BEGIN MATERIAL TO PROCESS

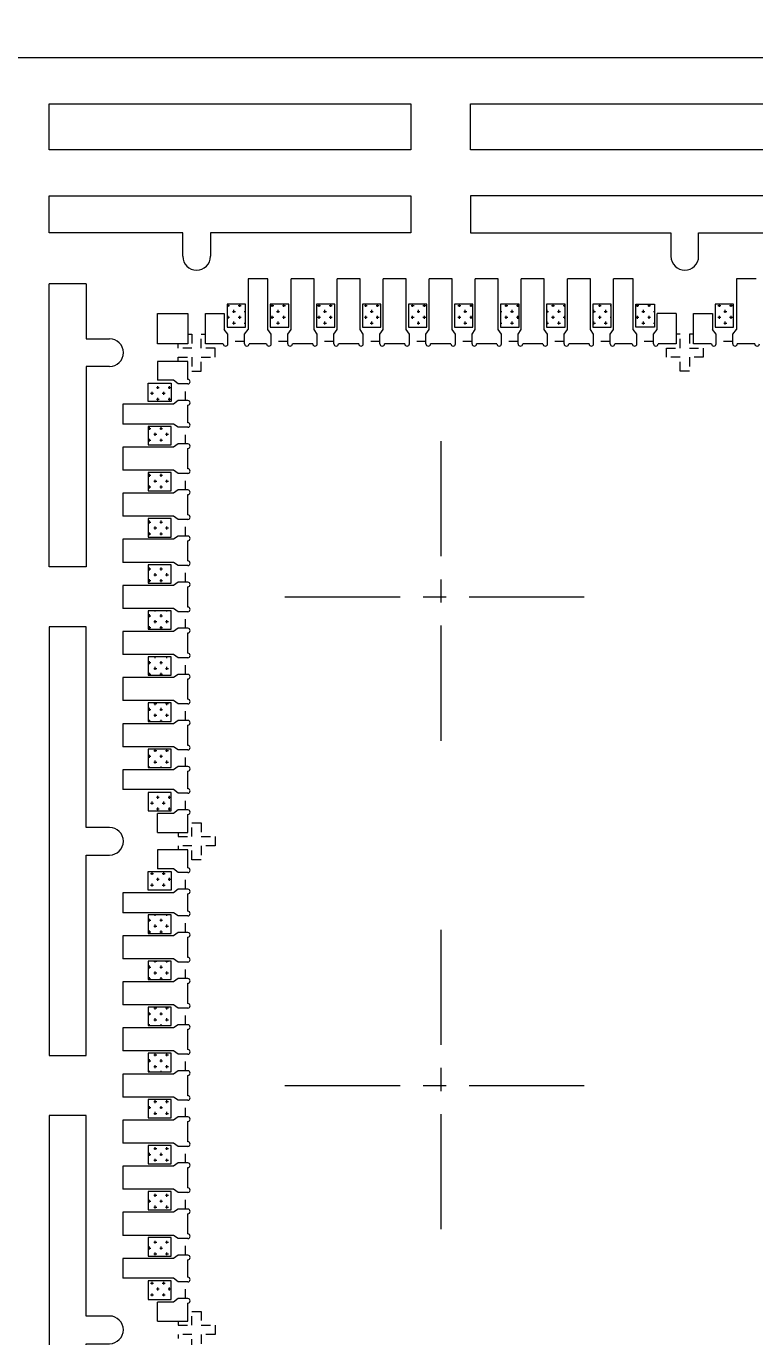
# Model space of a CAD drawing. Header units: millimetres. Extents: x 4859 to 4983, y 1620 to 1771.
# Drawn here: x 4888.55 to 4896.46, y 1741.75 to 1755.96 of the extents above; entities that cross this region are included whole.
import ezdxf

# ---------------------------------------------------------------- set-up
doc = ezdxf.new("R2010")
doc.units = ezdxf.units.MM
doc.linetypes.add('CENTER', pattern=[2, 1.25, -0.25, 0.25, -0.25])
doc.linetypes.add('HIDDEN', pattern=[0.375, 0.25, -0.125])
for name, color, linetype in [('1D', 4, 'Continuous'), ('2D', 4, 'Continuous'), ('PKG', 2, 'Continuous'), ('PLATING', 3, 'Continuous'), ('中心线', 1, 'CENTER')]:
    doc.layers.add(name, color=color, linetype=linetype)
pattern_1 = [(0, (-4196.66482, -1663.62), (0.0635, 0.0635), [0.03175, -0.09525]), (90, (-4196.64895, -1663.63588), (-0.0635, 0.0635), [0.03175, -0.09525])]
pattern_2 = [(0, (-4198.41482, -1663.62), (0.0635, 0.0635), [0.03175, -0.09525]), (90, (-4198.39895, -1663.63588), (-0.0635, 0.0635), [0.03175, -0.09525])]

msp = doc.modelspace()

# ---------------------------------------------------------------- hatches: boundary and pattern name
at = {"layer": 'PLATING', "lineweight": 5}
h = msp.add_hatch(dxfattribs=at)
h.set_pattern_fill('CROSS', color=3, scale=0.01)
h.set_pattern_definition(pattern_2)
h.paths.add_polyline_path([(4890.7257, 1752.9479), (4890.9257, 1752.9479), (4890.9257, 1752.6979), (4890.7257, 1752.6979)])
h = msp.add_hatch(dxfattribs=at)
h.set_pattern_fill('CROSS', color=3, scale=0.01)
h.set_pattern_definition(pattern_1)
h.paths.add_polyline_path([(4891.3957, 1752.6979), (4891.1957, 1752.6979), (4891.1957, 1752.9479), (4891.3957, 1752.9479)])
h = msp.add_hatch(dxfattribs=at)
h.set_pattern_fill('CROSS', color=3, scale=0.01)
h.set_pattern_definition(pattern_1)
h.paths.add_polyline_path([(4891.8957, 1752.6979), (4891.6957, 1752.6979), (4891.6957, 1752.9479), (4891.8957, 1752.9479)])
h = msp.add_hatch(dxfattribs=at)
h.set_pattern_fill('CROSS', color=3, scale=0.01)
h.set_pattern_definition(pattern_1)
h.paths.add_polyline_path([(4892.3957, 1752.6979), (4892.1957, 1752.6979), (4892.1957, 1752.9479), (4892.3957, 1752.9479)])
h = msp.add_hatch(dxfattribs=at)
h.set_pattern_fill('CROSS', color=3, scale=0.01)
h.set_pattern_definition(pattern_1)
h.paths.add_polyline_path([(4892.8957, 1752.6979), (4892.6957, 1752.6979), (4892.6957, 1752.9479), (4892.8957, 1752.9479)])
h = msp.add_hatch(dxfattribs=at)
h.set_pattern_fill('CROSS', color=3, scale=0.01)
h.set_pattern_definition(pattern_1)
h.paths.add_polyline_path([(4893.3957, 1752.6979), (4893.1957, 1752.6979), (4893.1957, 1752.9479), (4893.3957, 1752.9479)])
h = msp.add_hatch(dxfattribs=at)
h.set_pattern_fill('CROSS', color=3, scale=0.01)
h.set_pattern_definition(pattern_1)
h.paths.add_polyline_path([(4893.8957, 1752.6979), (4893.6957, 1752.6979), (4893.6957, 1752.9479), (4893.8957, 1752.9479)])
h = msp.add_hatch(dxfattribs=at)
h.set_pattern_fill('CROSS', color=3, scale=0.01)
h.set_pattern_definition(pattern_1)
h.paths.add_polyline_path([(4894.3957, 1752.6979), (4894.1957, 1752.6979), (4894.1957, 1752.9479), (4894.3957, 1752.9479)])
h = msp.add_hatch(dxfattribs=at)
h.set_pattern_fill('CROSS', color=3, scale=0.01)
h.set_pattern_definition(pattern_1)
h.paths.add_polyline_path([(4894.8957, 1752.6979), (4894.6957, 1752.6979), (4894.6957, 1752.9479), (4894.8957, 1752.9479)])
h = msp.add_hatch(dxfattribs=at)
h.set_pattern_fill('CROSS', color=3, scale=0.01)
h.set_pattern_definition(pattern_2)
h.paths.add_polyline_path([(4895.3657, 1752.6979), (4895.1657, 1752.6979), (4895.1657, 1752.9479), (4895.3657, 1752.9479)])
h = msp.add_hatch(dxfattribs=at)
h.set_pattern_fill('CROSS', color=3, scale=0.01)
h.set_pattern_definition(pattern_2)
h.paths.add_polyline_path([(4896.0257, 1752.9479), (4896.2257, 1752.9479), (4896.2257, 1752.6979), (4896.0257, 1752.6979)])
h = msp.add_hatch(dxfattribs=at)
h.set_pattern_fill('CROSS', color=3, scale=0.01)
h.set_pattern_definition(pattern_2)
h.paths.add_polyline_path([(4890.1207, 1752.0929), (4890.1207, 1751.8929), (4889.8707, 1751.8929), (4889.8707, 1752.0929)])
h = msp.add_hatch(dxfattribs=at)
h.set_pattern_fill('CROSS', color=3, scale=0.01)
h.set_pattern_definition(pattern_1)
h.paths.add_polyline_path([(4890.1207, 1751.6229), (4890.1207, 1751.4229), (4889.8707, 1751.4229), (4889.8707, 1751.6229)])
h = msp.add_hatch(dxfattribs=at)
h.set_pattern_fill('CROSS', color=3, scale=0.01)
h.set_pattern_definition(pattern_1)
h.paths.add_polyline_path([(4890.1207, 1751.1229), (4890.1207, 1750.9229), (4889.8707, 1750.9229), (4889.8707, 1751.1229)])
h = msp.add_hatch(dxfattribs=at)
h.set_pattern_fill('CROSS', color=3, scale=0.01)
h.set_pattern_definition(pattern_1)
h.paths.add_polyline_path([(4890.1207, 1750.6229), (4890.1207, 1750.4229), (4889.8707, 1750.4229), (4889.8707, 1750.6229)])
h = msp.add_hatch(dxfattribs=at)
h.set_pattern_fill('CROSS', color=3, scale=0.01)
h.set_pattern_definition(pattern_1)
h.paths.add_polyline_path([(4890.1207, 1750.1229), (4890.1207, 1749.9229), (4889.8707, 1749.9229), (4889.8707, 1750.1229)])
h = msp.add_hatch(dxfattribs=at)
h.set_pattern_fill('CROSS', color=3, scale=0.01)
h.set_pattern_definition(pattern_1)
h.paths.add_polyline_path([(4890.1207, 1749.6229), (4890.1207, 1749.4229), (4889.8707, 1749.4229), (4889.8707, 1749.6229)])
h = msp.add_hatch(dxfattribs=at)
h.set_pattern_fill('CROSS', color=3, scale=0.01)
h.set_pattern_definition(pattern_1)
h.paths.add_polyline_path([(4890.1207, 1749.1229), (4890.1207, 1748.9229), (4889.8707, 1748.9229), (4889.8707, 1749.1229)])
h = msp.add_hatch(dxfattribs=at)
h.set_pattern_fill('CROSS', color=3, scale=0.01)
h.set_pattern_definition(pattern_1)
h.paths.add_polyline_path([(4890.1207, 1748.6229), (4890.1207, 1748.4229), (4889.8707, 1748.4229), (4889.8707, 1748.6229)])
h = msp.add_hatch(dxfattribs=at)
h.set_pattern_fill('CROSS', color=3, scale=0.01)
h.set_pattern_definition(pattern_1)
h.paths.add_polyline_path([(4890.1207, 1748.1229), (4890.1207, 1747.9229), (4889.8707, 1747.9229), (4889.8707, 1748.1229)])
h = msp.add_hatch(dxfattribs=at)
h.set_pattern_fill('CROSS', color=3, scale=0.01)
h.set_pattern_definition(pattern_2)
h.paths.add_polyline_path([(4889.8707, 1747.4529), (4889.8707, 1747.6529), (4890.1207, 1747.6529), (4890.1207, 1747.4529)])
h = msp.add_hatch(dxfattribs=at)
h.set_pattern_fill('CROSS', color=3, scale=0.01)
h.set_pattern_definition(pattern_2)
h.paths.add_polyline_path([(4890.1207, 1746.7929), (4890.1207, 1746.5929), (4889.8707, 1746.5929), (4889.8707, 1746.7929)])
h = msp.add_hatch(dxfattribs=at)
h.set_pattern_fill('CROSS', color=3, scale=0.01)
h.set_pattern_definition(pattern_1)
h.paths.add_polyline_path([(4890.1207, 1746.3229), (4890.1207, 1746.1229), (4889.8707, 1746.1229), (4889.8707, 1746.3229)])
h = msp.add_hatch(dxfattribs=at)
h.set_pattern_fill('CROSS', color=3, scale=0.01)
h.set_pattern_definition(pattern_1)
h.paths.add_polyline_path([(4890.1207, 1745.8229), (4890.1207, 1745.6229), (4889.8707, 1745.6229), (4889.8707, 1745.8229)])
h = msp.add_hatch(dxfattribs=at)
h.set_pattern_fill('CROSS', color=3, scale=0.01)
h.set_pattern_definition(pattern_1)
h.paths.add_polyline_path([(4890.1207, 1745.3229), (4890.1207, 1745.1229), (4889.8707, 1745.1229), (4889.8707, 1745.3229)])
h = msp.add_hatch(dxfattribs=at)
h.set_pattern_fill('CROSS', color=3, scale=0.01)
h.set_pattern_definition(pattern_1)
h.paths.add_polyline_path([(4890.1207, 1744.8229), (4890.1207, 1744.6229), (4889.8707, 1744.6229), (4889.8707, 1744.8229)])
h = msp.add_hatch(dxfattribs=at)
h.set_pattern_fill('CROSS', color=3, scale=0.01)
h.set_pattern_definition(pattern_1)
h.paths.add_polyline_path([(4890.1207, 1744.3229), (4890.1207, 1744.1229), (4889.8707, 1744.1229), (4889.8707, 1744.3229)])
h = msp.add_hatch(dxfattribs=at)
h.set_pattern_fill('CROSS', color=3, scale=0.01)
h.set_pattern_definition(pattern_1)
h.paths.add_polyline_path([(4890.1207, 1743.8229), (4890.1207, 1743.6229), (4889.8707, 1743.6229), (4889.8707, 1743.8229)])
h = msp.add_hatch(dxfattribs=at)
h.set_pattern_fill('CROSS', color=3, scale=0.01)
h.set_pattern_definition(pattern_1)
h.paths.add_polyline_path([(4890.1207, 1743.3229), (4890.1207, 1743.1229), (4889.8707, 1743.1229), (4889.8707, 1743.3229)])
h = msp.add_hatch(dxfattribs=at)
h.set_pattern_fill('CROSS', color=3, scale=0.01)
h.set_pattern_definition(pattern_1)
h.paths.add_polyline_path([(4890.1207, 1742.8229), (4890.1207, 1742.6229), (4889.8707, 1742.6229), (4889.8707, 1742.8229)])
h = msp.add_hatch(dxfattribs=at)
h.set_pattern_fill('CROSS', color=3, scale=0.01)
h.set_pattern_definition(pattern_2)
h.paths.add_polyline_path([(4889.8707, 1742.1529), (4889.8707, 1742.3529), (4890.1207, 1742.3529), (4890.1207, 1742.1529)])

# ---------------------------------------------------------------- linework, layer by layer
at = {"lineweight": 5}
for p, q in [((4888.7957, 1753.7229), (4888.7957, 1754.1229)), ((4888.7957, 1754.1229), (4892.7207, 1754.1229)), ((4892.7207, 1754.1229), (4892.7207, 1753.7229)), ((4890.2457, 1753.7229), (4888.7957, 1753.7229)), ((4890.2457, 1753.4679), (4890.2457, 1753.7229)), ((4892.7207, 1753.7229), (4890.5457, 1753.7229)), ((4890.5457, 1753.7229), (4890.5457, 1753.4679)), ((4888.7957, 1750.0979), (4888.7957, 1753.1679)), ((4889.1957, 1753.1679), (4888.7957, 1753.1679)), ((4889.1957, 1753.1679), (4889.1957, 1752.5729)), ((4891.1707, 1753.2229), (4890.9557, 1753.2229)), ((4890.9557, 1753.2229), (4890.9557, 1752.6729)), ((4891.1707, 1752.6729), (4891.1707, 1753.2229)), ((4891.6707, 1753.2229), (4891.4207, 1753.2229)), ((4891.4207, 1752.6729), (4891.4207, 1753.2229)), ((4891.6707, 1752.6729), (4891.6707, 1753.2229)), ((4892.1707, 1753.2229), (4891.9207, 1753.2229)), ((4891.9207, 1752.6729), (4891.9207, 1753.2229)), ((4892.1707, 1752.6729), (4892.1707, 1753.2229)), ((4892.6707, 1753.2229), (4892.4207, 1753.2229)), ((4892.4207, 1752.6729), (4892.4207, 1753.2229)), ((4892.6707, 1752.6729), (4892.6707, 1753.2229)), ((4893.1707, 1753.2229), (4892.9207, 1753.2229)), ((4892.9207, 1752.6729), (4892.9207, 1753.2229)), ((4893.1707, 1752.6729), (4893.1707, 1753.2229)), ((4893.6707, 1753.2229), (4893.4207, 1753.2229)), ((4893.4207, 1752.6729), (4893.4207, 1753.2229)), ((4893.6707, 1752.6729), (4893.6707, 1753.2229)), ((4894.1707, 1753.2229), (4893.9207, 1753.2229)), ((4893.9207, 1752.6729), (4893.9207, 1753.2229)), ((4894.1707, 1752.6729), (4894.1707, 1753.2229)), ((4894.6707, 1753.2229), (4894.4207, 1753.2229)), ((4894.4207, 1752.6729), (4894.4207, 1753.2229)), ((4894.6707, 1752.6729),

END MATERIAL TO PROCESS

◆ **INSTRUCTIONS TO FOLLOW**:
Only the number is wanted: how many lines in the listing hold "ezdxf"?

◆ **RESPONSE TO THE EXERCISE**:
3